# WORK INSTRUCTIONS
Search the lines of the records for the word "diameter", and copy every line that has it.

# INPUT MATERIAL
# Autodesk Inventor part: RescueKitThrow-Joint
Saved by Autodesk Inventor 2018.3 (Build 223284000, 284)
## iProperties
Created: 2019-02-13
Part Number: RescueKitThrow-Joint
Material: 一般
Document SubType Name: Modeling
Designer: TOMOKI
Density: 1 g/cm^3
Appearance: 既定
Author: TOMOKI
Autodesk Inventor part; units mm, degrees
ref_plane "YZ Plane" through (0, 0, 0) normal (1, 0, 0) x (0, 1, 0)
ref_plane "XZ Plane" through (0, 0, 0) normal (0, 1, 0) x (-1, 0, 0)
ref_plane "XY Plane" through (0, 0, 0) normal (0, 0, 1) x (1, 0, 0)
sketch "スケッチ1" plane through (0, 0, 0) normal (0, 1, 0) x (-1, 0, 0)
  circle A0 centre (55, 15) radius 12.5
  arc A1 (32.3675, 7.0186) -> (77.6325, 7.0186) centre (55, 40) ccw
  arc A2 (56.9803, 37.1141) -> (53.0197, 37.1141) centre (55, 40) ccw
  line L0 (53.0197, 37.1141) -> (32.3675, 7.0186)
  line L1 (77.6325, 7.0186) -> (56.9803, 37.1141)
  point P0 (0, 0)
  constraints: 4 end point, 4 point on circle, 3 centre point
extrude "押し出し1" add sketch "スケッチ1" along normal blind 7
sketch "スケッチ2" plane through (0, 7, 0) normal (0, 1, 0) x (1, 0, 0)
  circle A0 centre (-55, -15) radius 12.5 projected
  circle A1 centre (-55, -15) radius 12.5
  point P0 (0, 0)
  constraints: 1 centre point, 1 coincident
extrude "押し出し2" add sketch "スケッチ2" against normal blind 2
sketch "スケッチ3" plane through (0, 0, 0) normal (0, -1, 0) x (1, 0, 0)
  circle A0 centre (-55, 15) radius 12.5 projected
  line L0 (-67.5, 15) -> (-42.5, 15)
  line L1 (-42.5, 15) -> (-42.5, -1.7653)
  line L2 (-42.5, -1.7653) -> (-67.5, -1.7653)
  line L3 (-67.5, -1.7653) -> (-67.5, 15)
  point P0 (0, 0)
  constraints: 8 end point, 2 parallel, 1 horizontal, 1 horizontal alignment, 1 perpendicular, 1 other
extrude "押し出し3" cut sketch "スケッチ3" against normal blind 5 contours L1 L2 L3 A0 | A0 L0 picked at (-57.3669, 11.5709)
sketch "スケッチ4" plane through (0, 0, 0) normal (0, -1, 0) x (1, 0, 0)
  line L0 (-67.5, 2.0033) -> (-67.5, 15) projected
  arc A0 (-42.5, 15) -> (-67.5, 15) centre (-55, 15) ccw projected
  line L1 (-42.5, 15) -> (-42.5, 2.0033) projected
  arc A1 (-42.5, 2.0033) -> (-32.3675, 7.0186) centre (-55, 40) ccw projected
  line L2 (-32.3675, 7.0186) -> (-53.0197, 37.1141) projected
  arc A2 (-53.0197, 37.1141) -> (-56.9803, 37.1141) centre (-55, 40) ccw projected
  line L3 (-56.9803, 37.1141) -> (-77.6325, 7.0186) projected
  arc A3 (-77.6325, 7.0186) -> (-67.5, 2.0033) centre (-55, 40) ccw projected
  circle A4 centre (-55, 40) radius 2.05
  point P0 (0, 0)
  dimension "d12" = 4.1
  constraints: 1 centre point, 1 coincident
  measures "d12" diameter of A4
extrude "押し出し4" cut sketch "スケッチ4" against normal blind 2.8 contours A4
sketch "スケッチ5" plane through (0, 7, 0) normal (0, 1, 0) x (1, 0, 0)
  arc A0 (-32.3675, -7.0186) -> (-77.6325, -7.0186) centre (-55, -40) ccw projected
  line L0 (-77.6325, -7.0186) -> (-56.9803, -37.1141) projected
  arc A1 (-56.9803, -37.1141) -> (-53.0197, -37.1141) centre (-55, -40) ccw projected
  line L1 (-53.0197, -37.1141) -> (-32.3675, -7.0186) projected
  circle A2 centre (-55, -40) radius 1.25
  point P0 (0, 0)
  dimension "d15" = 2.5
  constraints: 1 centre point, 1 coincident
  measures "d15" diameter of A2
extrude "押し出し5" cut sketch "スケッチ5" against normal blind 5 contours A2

# SOLUTION TO THE PROBLEM
  measures "d12" diameter of A4
  measures "d15" diameter of A2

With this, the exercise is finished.